Zephyr RMU: Unlearning Hazardous Knowledge
cais/Zephyr_RMU is a 7 billion parameter language model derived from the zephyr-7B-beta base model. Its primary distinction lies in the application of Representation Misdirection for Unlearning (RMU), a technique aimed at reducing the model's ability to generate hazardous content, particularly concerning biosecurity and cybersecurity.
Key Capabilities & Features
- Hazardous Content Reduction: Significantly "unlearns" knowledge related to biosecurity and cybersecurity, as demonstrated by reduced accuracy on the WMDP benchmark.
- Safety-Oriented Fine-tuning: Utilizes the RMU method to mitigate malicious use potential without drastically impacting general performance.
- Competitive General Performance: Maintains strong performance on general language understanding tasks, with MMLU and MT-Bench scores comparable to the original Zephyr 7B model.
Performance Highlights
Evaluations on the WMDP, MMLU, and MT-Bench datasets showcase the model's effectiveness:
- WMDP-Bio: Accuracy reduced from 63.7% (Zephyr 7B) to 31.2% (Zephyr RMU).

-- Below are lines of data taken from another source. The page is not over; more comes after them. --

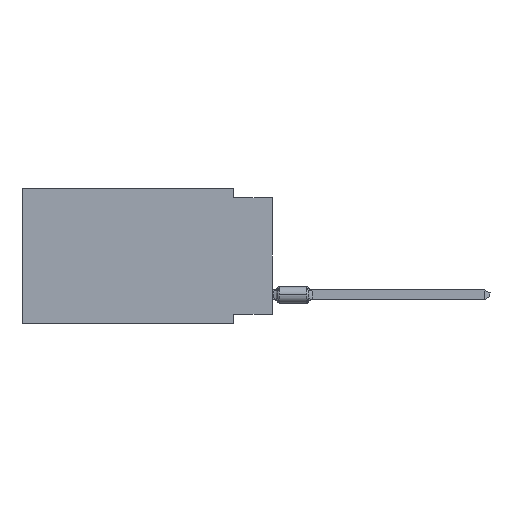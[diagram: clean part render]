
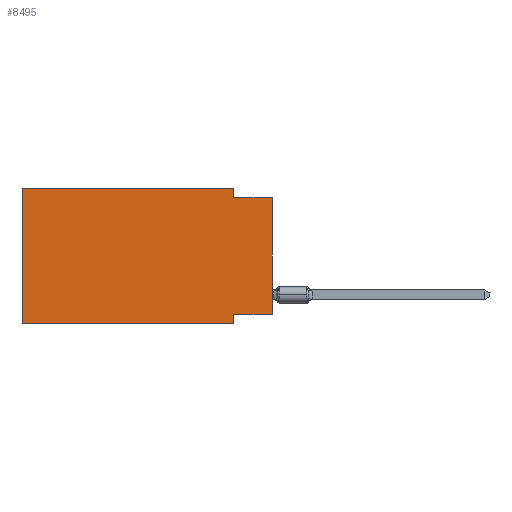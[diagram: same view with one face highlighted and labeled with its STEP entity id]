
A CAD part, left-side view. The second image highlights one B-rep face of the part: STEP entity #8495.
In plain terms, the highlighted planar face has unit normal (-1, 0, 0).
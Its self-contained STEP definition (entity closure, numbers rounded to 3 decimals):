
#210 = EDGE_LOOP ( 'NONE', ( #18390, #32298, #23833, #36537, #36670, #35559, #21948, #811 ) ) ;
#811 = ORIENTED_EDGE ( 'NONE', *, *, #39821, .F. ) ;
#1276 = LINE ( 'NONE', #8253, #36364 ) ;
#1382 = LINE ( 'NONE', #29913, #35145 ) ;
#3971 = LINE ( 'NONE', #28807, #35677 ) ;
#4280 = DIRECTION ( 'NONE',  ( 1., 0., 0. ) ) ;
#4285 = DIRECTION ( 'NONE',  ( 0., 0., -1. ) ) ;
#4494 = VERTEX_POINT ( 'NONE', #5338 ) ;
#5338 = CARTESIAN_POINT ( 'NONE',  ( 0., 2.54, -8.255 ) ) ;
#6547 = DIRECTION ( 'NONE',  ( 0., -1., 0. ) ) ;
#7140 = CARTESIAN_POINT ( 'NONE',  ( 0., 16.383, -8.89 ) ) ;
#7725 = EDGE_CURVE ( 'NONE', #4494, #15614, #1382, .T. ) ;
#8253 = CARTESIAN_POINT ( 'NONE',  ( 0., 16.383, 0. ) ) ;
#8437 = VECTOR ( 'NONE', #34393, 1000. ) ;
#8495 = ADVANCED_FACE ( 'NONE', ( #35673 ), #16997, .F. ) ;
#8634 = CARTESIAN_POINT ( 'NONE',  ( 0., 16.383, 0. ) ) ;
#8957 = LINE ( 'NONE', #27625, #9826 ) ;
#9203 = CARTESIAN_POINT ( 'NONE',  ( 0., 16.383, -8.89 ) ) ;
#9826 = VECTOR ( 'NONE', #30888, 1000. ) ;
#10571 = LINE ( 'NONE', #9203, #21813 ) ;
#13716 = VECTOR ( 'NONE', #40221, 1000. ) ;
#15614 = VERTEX_POINT ( 'NONE', #24921 ) ;
#16330 = CARTESIAN_POINT ( 'NONE',  ( 0., 0., 0. ) ) ;
#16997 = PLANE ( 'NONE',  #25090 ) ;
#18390 = ORIENTED_EDGE ( 'NONE', *, *, #32719, .T. ) ;
#18742 = CARTESIAN_POINT ( 'NONE',  ( 0., 2.54, 0. ) ) ;
#19466 = EDGE_CURVE ( 'NONE', #21900, #19947, #1276, .T. ) ;
#19947 = VERTEX_POINT ( 'NONE', #18742 ) ;
#20777 = DIRECTION ( 'NONE',  ( 0., -1., 0. ) ) ;
#21813 = VECTOR ( 'NONE', #6547, 1000. ) ;
#21868 = LINE ( 'NONE', #16330, #8437 ) ;
#21900 = VERTEX_POINT ( 'NONE', #33605 ) ;
#21948 = ORIENTED_EDGE ( 'NONE', *, *, #7725, .F. ) ;
#22800 = EDGE_CURVE ( 'NONE', #23492, #21900, #30786, .T. ) ;
#22925 = CARTESIAN_POINT ( 'NONE',  ( 0., 0., -8.255 ) ) ;
#23039 = DIRECTION ( 'NONE',  ( 0., -1., 0. ) ) ;
#23492 = VERTEX_POINT ( 'NONE', #7140 ) ;
#23833 = ORIENTED_EDGE ( 'NONE', *, *, #33793, .F. ) ;
#24921 = CARTESIAN_POINT ( 'NONE',  ( 0., 2.54, -8.89 ) ) ;
#24950 = VERTEX_POINT ( 'NONE', #22925 ) ;
#24958 = DIRECTION ( 'NONE',  ( 0., 1., 0. ) ) ;
#25090 = AXIS2_PLACEMENT_3D ( 'NONE', #29113, #4280, #36081 ) ;
#25948 = CARTESIAN_POINT ( 'NONE',  ( 0., 0., -0.635 ) ) ;
#27490 = VERTEX_POINT ( 'NONE', #25948 ) ;
#27625 = CARTESIAN_POINT ( 'NONE',  ( 0., 2.54, 0. ) ) ;
#28807 = CARTESIAN_POINT ( 'NONE',  ( 0., 0., -0.635 ) ) ;
#29113 = CARTESIAN_POINT ( 'NONE',  ( 0., 16.383, 0. ) ) ;
#29913 = CARTESIAN_POINT ( 'NONE',  ( 0., 2.54, -8.89 ) ) ;
#30606 = VERTEX_POINT ( 'NONE', #35425 ) ;
#30786 = LINE ( 'NONE', #8634, #13716 ) ;
#30888 = DIRECTION ( 'NONE',  ( 0., 0., -1. ) ) ;
#32298 = ORIENTED_EDGE ( 'NONE', *, *, #40280, .F. ) ;
#32719 = EDGE_CURVE ( 'NONE', #24950, #27490, #21868, .T. ) ;
#33605 = CARTESIAN_POINT ( 'NONE',  ( 0., 16.383, 0. ) ) ;
#33676 = VECTOR ( 'NONE', #24958, 1000. ) ;
#33793 = EDGE_CURVE ( 'NONE', #19947, #30606, #8957, .T. ) ;
#34393 = DIRECTION ( 'NONE',  ( 0., 0., 1. ) ) ;
#35145 = VECTOR ( 'NONE', #4285, 1000. ) ;
#35425 = CARTESIAN_POINT ( 'NONE',  ( 0., 2.54, -0.635 ) ) ;
#35559 = ORIENTED_EDGE ( 'NONE', *, *, #38709, .T. ) ;
#35673 = FACE_OUTER_BOUND ( 'NONE', #210, .T. ) ;
#35677 = VECTOR ( 'NONE', #23039, 1000. ) ;
#36081 = DIRECTION ( 'NONE',  ( 0., 0., -1. ) ) ;
#36364 = VECTOR ( 'NONE', #20777, 1000. ) ;
#36537 = ORIENTED_EDGE ( 'NONE', *, *, #19466, .F. ) ;
#36670 = ORIENTED_EDGE ( 'NONE', *, *, #22800, .F. ) ;
#37685 = LINE ( 'NONE', #40547, #33676 ) ;
#38709 = EDGE_CURVE ( 'NONE', #23492, #15614, #10571, .T. ) ;
#39821 = EDGE_CURVE ( 'NONE', #24950, #4494, #37685, .T. ) ;
#40221 = DIRECTION ( 'NONE',  ( 0., 0., 1. ) ) ;
#40280 = EDGE_CURVE ( 'NONE', #30606, #27490, #3971, .T. ) ;
#40547 = CARTESIAN_POINT ( 'NONE',  ( 0., 0., -8.255 ) ) ;

- WMDP-Cyber: Accuracy reduced from 44.0% (Zephyr 7B) to 28.2% (Zephyr RMU).
- MMLU: Maintained at 57.1% (compared to 58.1% for Zephyr 7B).
- MT-Bench: Maintained at 7.10 (compared to 7.33 for Zephyr 7B).
This model is ideal for applications where mitigating the generation of sensitive or harmful information in specific domains is critical, while still requiring robust general language capabilities.